There are many traditional records managers who have questioned the ability for AI to defensively identify, retain and sentence sensitive government records without any human intervention, although Woodward maintains this is a diminishing concern.

“I agree that 2-3 years ago there was serious concern over autoclassification but we don’t get that anymore. We have invested heavily in letting the records manager have control of the algorithm so that they’re still in control. Our AI is doing things for them at scale but they can override it or tell the algorithm it’s wrong at any time,” said Woodward.

“Why we are being successful globally is that the ability to manage the AI is really unique to Records365 and provides the best of both worlds.

“There are other products that are mimicking what we are doing, and Machine Learning is no longer particularly novel. We are using algorithms that are off the shelf but no one else has made the investment in how you then manage that algorithm, what it can and can’t do and what it’s boundaries are.

“We have invested heavily in letting records manager have control of algorithm, so they don’t lose control, they manage and overrule the algorithm and control those outcomes,” he said.

Canberra-headquartered CastlePoint, another Australian SME software developer which recently received a $A3 million funding boost, is another to adopt an automated classification approach to record-keeping

“We have recently replaced some traditional EDRMS installations at some large Federal Government agencies, with another similar project currently underway. We have seen that clients are tending to move away from these traditional systems,” said Rachael Greaves, Castlepoint CEO and Co-Founder.

“Even the more modern cloud versions are still fundamentally a traditional, centralised EDRMS, and the need for multiple connectors to integrate with other systems does limit their practical scope.”

“That said, for one large research organisation, we are implementing Castlepoint alongside a Content Manager upgrade.

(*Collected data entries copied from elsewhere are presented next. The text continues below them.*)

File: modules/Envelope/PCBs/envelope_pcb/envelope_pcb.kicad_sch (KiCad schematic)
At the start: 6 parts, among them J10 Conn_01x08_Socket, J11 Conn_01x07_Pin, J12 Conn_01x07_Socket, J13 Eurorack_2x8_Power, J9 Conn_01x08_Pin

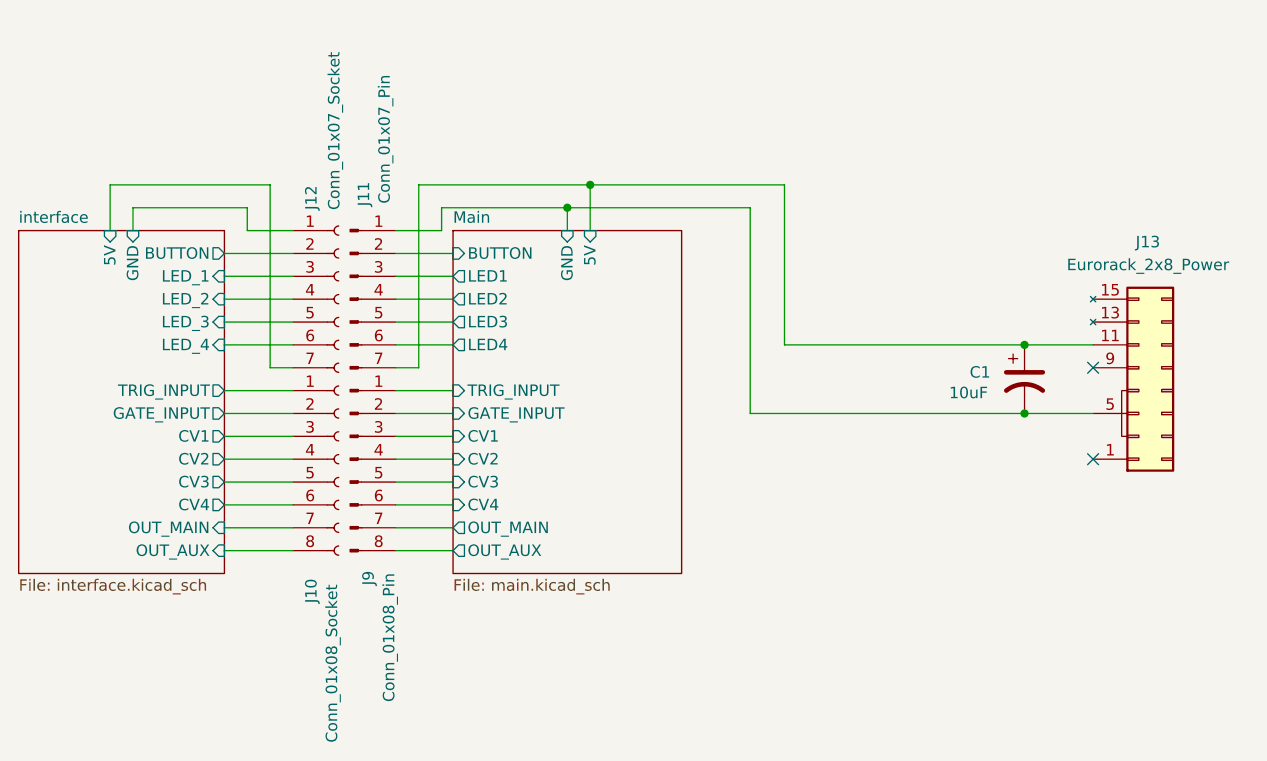
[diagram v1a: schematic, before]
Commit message: fix gate inputs for envelope
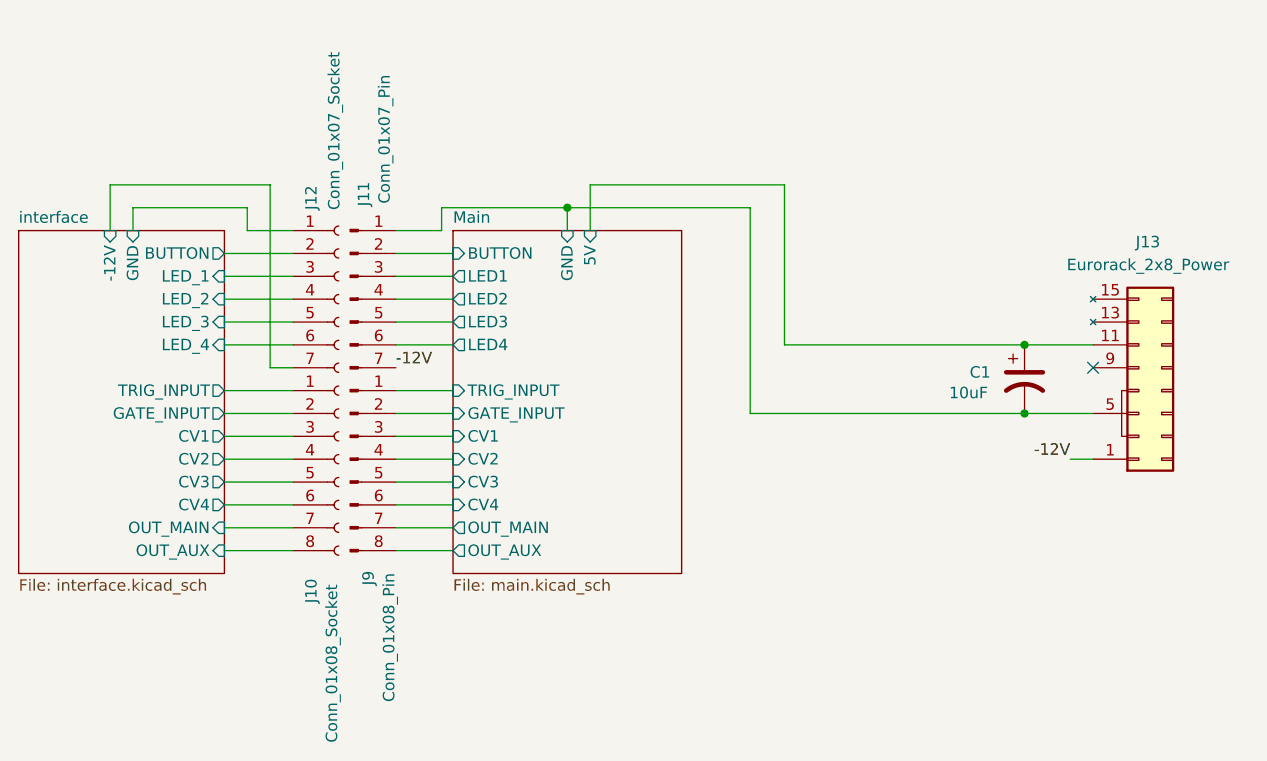
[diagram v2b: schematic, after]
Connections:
- net Main/5V: no longer J11.7 (Pin_7)
- net -12V: now reaches J13.1 (-12v), J13.2 (-12v)
- net -12V: now also J11.7 (Pin_7)
- net interface/5V renamed interface/-12V
- no-connect marks 2 -> 1
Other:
- sheet interface ports: added -12V; removed 5V
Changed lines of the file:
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@@
-	)
-	(junction
-		(at 114.3 45.72)
-		(diameter 0)
-		(color 0 0 0 0)
 	)
 	(junction
@@
 		(at 170.18 66.04)
 	)
-	(no_connect
-		(at 170.18 76.2)
-	)
 	(wire
 		(pts
@@
 	(wire
 		(pts
-			(xy 95.25 45.72) (xy 114.3 45.72)
-		)
-		(stroke
-			(width 0)
-			(type default)
-		)
-	)
-	(wire
-		(pts
 			(xy 114.3 45.72) (xy 135.89 45.72)
 		)
@@
 	(wire
 		(pts
-			(xy 95.25 45.72) (xy 95.25 66.04)
-		)
-		(stroke
-			(width 0)
-			(type default)
-		)
-	)
-	(wire
-		(pts
 			(xy 92.71 83.82) (xy 99.06 83.82)
 		)
@@
 	(wire
 		(pts
-			(xy 95.25 66.04) (xy 92.71 66.04)
-		)
-		(stroke
-			(width 0)
-			(type default)
-		)
-	)
-	(wire
-		(pts
 			(xy 78.74 45.72) (xy 78.74 66.04)
 		)
@@
 	(wire
 		(pts
+			(xy 167.64 76.2) (xy 170.18 76.2)
+		)
+		(stroke
+			(width 0)
+			(type default)
+		)
+	)
+	(wire
+		(pts
 			(xy 60.96 45.72) (xy 78.74 45.72)
 		)
@@
 			(width 0)
 			(type default)
+		)
+	)
+	(label "-12V"
+		(at 167.64 76.2 180)
+		(fields_autoplaced yes)
+		(effects
+			(font
+				(size 1.27 1.27)
+			)
+			(justify right bottom)
+		)
+	)
+	(label "-12V"
+		(at 92.71 66.04 0)
+		(fields_autoplaced yes)
+		(effects
+			(font
+				(size 1.27 1.27)
+			)
+			(justify left bottom)
 		)
 	)
@@
 			)
 		)
-		(pin "5V" input
+		(pin "-12V" input
 			(at 60.96 50.8 90)
 			(effects

Castlepoint will manage the organisation’s other systems in-place, as well as also being able to interface with CM, to provide a single pane of glass for discovery, as well as automated classification with AI. For this client, their EDRMS is still a vital part of their information landscape, and we are able to help make it even more interoperable.

“While a lot of clients do want to decommission their legacy EDRMS (not just for cost reasons, but because of impacts they have on the network, users, and records teams), plenty do want a traditional EDRMS to store at least part of their important content. That’s why we designed our system to be able to work alongside EDRMS systems, rather than to rip and replace them. For the investment organisations have made in EDRMS, it makes the most sense to keep them where they are adding value, if you can just take away some of those user and network impacts.”

Meanwhile, The Australian Digital Health Agency has recently awarded a $A500K contract to iCognition to implement a SaaS deployment of Micro Focus Content Manager, so not all are convinced that the AI path is the only one to travel.